Our group has been investigating de novo gene birth for over 15 years. We have been focusing on humans and mice, but this time was going to be different. I had just given an internal seminar on de novo genes at the Barcelona Biomedical Research Park when Lucas Carey, one of the new PIs in the building, approached me to ask if I was interested in doing something related with baker’s yeast. I had not considered it before- several groups were already working with yeast  – but it seemed like a good opportunity to start a new collaboration and explore a system that we could easily manipulate in vivo.

Terrace of the PRBB next to the Auditorium.
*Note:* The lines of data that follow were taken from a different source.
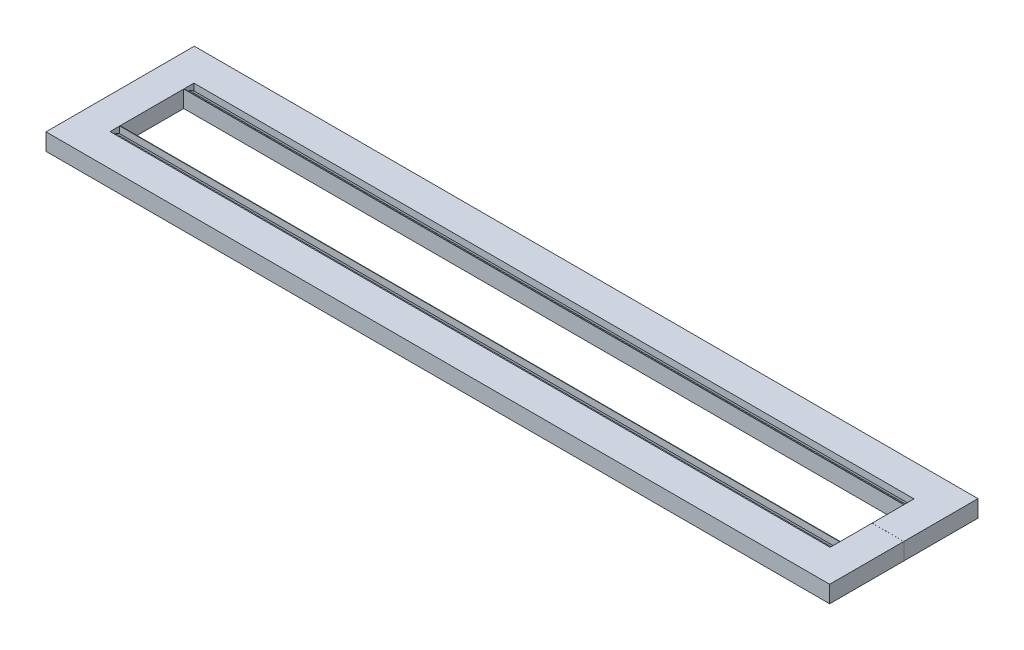
ISO-10303-21;
HEADER;
FILE_DESCRIPTION(('STEP AP214'),'2;1');
FILE_NAME('part.step','',(''),(''),'','','');
FILE_SCHEMA(('AUTOMOTIVE_DESIGN { 1 0 10303 214 1 1 1 1 }'));
ENDSEC;
DATA;
#1=APPLICATION_CONTEXT('core data for automotive mechanical design processes');
#2=APPLICATION_PROTOCOL_DEFINITION('international standard','automotive_design',2000,#1);
#3=PRODUCT_CONTEXT('',#1,'mechanical');
#4=PRODUCT('Part','Part','',(#3));
#5=PRODUCT_RELATED_PRODUCT_CATEGORY('part','',(#4));
#6=PRODUCT_DEFINITION_FORMATION('','',#4);
#7=PRODUCT_DEFINITION_CONTEXT('part definition',#1,'design');
#8=PRODUCT_DEFINITION('design','',#6,#7);
#9=PRODUCT_DEFINITION_SHAPE('','',#8);
#10=(LENGTH_UNIT() NAMED_UNIT(*) SI_UNIT(.MILLI.,.METRE.));
#11=(NAMED_UNIT(*) PLANE_ANGLE_UNIT() SI_UNIT($,.RADIAN.));
#12=(NAMED_UNIT(*) SI_UNIT($,.STERADIAN.) SOLID_ANGLE_UNIT());
#13=UNCERTAINTY_MEASURE_WITH_UNIT(LENGTH_MEASURE(1.E-05),#10,'distance_accuracy_value','');
#14=(GEOMETRIC_REPRESENTATION_CONTEXT(3) GLOBAL_UNCERTAINTY_ASSIGNED_CONTEXT((#13)) GLOBAL_UNIT_ASSIGNED_CONTEXT((#10,
#11,#12)) REPRESENTATION_CONTEXT('',''));
#15=CARTESIAN_POINT('',(0.,0.,0.));
#16=DIRECTION('',(0.,0.,1.));
#17=DIRECTION('',(1.,0.,0.));
#18=AXIS2_PLACEMENT_3D('',#15,#16,#17);
#19=CARTESIAN_POINT('',(0.,0.,0.));
#20=DIRECTION('',(0.,1.,0.));
#21=DIRECTION('',(0.,0.,1.));
#22=AXIS2_PLACEMENT_3D('',#19,#20,#21);
#23=PLANE('',#22);
#24=CARTESIAN_POINT('',(25.4039073980687,0.,-36.2480453043841));
#25=DIRECTION('',(0.,-1.,0.));
#26=DIRECTION('',(0.,0.,-1.));
#27=AXIS2_PLACEMENT_3D('',#24,#25,#26);
#28=CIRCLE('',#27,5.79119999999999);
#29=CARTESIAN_POINT('',(25.4039073980687,0.,-42.0392453043841));
#30=VERTEX_POINT('',#29);
#31=EDGE_CURVE('E593',#30,#30,#28,.T.);
#32=ORIENTED_EDGE('',*,*,#31,.F.);
#33=EDGE_LOOP('',(#32));
#34=FACE_BOUND('',#33,.T.);
#35=CARTESIAN_POINT('',(-425.156251148069,0.,10.2267903256609));
#36=DIRECTION('',(0.,-1.,0.));
#37=DIRECTION('',(0.,0.,-1.));
#38=AXIS2_PLACEMENT_3D('',#35,#36,#37);
#39=CIRCLE('',#38,5.79119999999999);
#40=CARTESIAN_POINT('',(-425.156251148069,0.,4.43559032566088));
#41=VERTEX_POINT('',#40);
#42=EDGE_CURVE('E604',#41,#41,#39,.T.);
#43=ORIENTED_EDGE('',*,*,#42,.F.);
#44=EDGE_LOOP('',(#43));
#45=FACE_BOUND('',#44,.T.);
#46=DIRECTION('',(-1.,0.,0.));
#47=VECTOR('',#46,1.);
#48=CARTESIAN_POINT('',(0.,0.,-32.0724609375));
#49=LINE('',#48,#47);
#50=CARTESIAN_POINT('',(16.0380255436917,0.,-32.0724609375));
#51=VERTEX_POINT('',#50);
#52=CARTESIAN_POINT('',(-415.776171875,0.,-32.0724609375));
#53=VERTEX_POINT('',#52);
#54=EDGE_CURVE('E347',#51,#53,#49,.T.);
#55=ORIENTED_EDGE('',*,*,#54,.T.);
#56=DIRECTION('',(0.,0.,1.));
#57=VECTOR('',#56,1.);
#58=CARTESIAN_POINT('',(-415.776171875,0.,-57.4724609374997));
#59=LINE('',#58,#57);
#60=CARTESIAN_POINT('',(-415.776171875,0.,6.074872855054));
#61=VERTEX_POINT('',#60);
#62=EDGE_CURVE('E301',#53,#61,#59,.T.);
#63=ORIENTED_EDGE('',*,*,#62,.T.);
#64=DIRECTION('',(-1.,0.,0.));
#65=VECTOR('',#64,1.);
#66=CARTESIAN_POINT('',(0.,0.,6.07487285505302));
#67=LINE('',#66,#65);
#68=CARTESIAN_POINT('',(16.0380255436917,0.,6.07487285505298));
#69=VERTEX_POINT('',#68);
#70=EDGE_CURVE('E269',#69,#61,#67,.T.);
#71=ORIENTED_EDGE('',*,*,#70,.F.);
#72=DIRECTION('',(0.,0.,1.));
#73=VECTOR('',#72,1.);
#74=CARTESIAN_POINT('',(16.0380255436917,0.,-25.997588082447));
#75=LINE('',#74,#73);
#76=CARTESIAN_POINT('',(16.0380255436917,0.,-12.975127144947));
#77=VERTEX_POINT('',#76);
#78=EDGE_CURVE('E272',#77,#69,#75,.T.);
#79=ORIENTED_EDGE('',*,*,#78,.F.);
#80=DIRECTION('',(1.,0.,0.));
#81=VECTOR('',#80,1.);
#82=CARTESIAN_POINT('',(0.,0.,-12.975127144947));
#83=LINE('',#82,#81);
#84=CARTESIAN_POINT('',(35.073828125,0.,-12.9751271449471));
#85=VERTEX_POINT('',#84);
#86=EDGE_CURVE('E275',#77,#85,#83,.T.);
#87=ORIENTED_EDGE('',*,*,#86,.T.);
#88=DIRECTION('',(0.,0.,-1.));
#89=VECTOR('',#88,1.);
#90=CARTESIAN_POINT('',(35.0738281249999,0.,-25.9975880824471));
#91=LINE('',#90,#89);
#92=CARTESIAN_POINT('',(35.0738281250001,0.,31.4748728550529));
#93=VERTEX_POINT('',#92);
#94=EDGE_CURVE('E277',#93,#85,#91,.T.);
#95=ORIENTED_EDGE('',*,*,#94,.F.);
#96=DIRECTION('',(1.,0.,0.));
#97=VECTOR('',#96,1.);
#98=CARTESIAN_POINT('',(0.,0.,31.474872855053));
#99=LINE('',#98,#97);
#100=CARTESIAN_POINT('',(-434.826171875,0.,31.4748728550538));
#101=VERTEX_POINT('',#100);
#102=EDGE_CURVE('E258',#101,#93,#99,.T.);
#103=ORIENTED_EDGE('',*,*,#102,.F.);
#104=DIRECTION('',(0.,0.,1.));
#105=VECTOR('',#104,1.);
#106=CARTESIAN_POINT('',(-434.826171875,0.,5.43030402390597E-13));
#107=LINE('',#106,#105);
#108=CARTESIAN_POINT('',(-434.826171875,0.,-57.4724609374997));
#109=VERTEX_POINT('',#108);
#110=EDGE_CURVE('E357',#109,#101,#107,.T.);
#111=ORIENTED_EDGE('',*,*,#110,.F.);
#112=DIRECTION('',(1.,0.,0.));
#113=VECTOR('',#112,1.);
#114=CARTESIAN_POINT('',(0.,0.,-57.4724609375));
#115=LINE('',#114,#113);
#116=CARTESIAN_POINT('',(35.073828125,0.,-57.4724609375));
#117=VERTEX_POINT('',#116);
#118=EDGE_CURVE('E379',#109,#117,#115,.T.);
#119=ORIENTED_EDGE('',*,*,#118,.T.);
#120=DIRECTION('',(0.,0.,1.));
#121=VECTOR('',#120,1.);
#122=CARTESIAN_POINT('',(35.073828125,0.,0.));
#123=LINE('',#122,#121);
#124=CARTESIAN_POINT('',(35.073828125,0.,-13.0224609375));
#125=VERTEX_POINT('',#124);
#126=EDGE_CURVE('E376',#117,#125,#123,.T.);
#127=ORIENTED_EDGE('',*,*,#126,.T.);
#128=DIRECTION('',(1.,0.,0.));
#129=VECTOR('',#128,1.);
#130=CARTESIAN_POINT('',(0.,0.,-13.0224609375));
#131=LINE('',#130,#129);
#132=CARTESIAN_POINT('',(16.0380255436917,0.,-13.0224609375));
#133=VERTEX_POINT('',#132);
#134=EDGE_CURVE('E373',#133,#125,#131,.T.);
#135=ORIENTED_EDGE('',*,*,#134,.F.);
#136=DIRECTION('',(0.,0.,-1.));
#137=VECTOR('',#136,1.);
#138=CARTESIAN_POINT('',(16.0380255436917,0.,0.));
#139=LINE('',#138,#137);
#140=EDGE_CURVE('E370',#133,#51,#139,.T.);
#141=ORIENTED_EDGE('',*,*,#140,.T.);
#142=EDGE_LOOP('',(#55,#63,#71,#79,#87,#95,#103,#111,#119,#127,#135,#141));
#143=FACE_BOUND('',#142,.T.);
#144=CARTESIAN_POINT('',(25.4039073980687,0.,10.2267903256609));
#145=DIRECTION('',(0.,-1.,0.));
#146=DIRECTION('',(0.,0.,-1.));
#147=AXIS2_PLACEMENT_3D('',#144,#145,#146);
#148=CIRCLE('',#147,5.79119999999999);
#149=CARTESIAN_POINT('',(25.4039073980687,0.,4.43559032566088));
#150=VERTEX_POINT('',#149);
#151=EDGE_CURVE('E589',#150,#150,#148,.F.);
#152=ORIENTED_EDGE('',*,*,#151,.T.);
#153=EDGE_LOOP('',(#152));
#154=FACE_BOUND('',#153,.T.);
#155=CARTESIAN_POINT('',(-425.156251148069,0.,-36.2480453043841));
#156=DIRECTION('',(0.,1.,0.));
#157=DIRECTION('',(0.,0.,1.));
#158=AXIS2_PLACEMENT_3D('',#155,#156,#157);
#159=CIRCLE('',#158,5.79119999999999);
#160=CARTESIAN_POINT('',(-425.156251148069,0.,-30.4568453043841));
#161=VERTEX_POINT('',#160);
#162=EDGE_CURVE('E595',#161,#161,#159,.T.);
#163=ORIENTED_EDGE('',*,*,#162,.T.);
#164=EDGE_LOOP('',(#163));
#165=FACE_BOUND('',#164,.T.);
#166=ADVANCED_FACE('F35',(#34,#45,#143,#154,#165),#23,.F.);
#167=CARTESIAN_POINT('',(35.073828125,10.16,0.));
#168=DIRECTION('',(1.,0.,0.));
#169=DIRECTION('',(0.,0.,-1.));
#170=AXIS2_PLACEMENT_3D('',#167,#168,#169);
#171=PLANE('',#170);
#172=DIRECTION('',(0.,0.,1.));
#173=VECTOR('',#172,1.);
#174=CARTESIAN_POINT('',(35.073828125,10.16,0.));
#175=LINE('',#174,#173);
#176=CARTESIAN_POINT('',(35.073828125,10.16,-57.4724609375));
#177=VERTEX_POINT('',#176);
#178=CARTESIAN_POINT('',(35.073828125,10.16,-13.0224609375));
#179=VERTEX_POINT('',#178);
#180=EDGE_CURVE('E362',#177,#179,#175,.T.);
#181=ORIENTED_EDGE('',*,*,#180,.T.);
#182=DIRECTION('',(0.,-1.,0.));
#183=VECTOR('',#182,1.);
#184=CARTESIAN_POINT('',(35.073828125,10.16,-13.0224609375));
#185=LINE('',#184,#183);
#186=EDGE_CURVE('E386',#179,#125,#185,.T.);
#187=ORIENTED_EDGE('',*,*,#186,.T.);
#188=ORIENTED_EDGE('',*,*,#126,.F.);
#189=DIRECTION('',(0.,-1.,0.));
#190=VECTOR('',#189,1.);
#191=CARTESIAN_POINT('',(35.073828125,10.16,-57.4724609375));
#192=LINE('',#191,#190);
#193=EDGE_CURVE('E383',#177,#117,#192,.T.);
#194=ORIENTED_EDGE('',*,*,#193,.F.);
#195=EDGE_LOOP('',(#181,#187,#188,#194));
#196=FACE_BOUND('',#195,.T.);
#197=ADVANCED_FACE('F454',(#196),#171,.T.);
#198=CARTESIAN_POINT('',(-434.826171875,10.16,5.43030402390597E-13));
#199=DIRECTION('',(1.,0.,0.));
#200=DIRECTION('',(0.,0.,-1.));
#201=AXIS2_PLACEMENT_3D('',#198,#199,#200);
#202=PLANE('',#201);
#203=ORIENTED_EDGE('',*,*,#110,.T.);
#204=DIRECTION('',(0.,-1.,0.));
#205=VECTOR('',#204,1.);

A nice place to sit and discuss science after seminars.

It was 2015 and a new MSc student in the group, Will Blevins, was looking for a research project related to de novo genes, which could potentially extend into a PhD. I proposed that he could start to work with yeast and he liked the idea. Lucas and I became his co-supervisors.

After finishing his MSc, Will decided to stay for a PhD. During his time at the PRBB he engaged in a variety of science outreach activities. Here he is introducing the concepts behind the research in our lab at the 2018 Youth Mobile Festival (YoMo).

The plan included  sequencing the transcriptomes of different species and comparing the sequences and genomic positions of the expressed transcripts, in other words, to characterize de novo gene birth without having to rely on the existing annotations. As Lucas’ group was working on gene regulatory networks, we also thought about measuring the activity of promoters of new genes compared to the same region in species that did not express the gene, using reporter constructs. These experiments never came to fruition, so instead we did some ribosome profiling experiments with Juana Diez’s group, a third collaborating lab in the same building.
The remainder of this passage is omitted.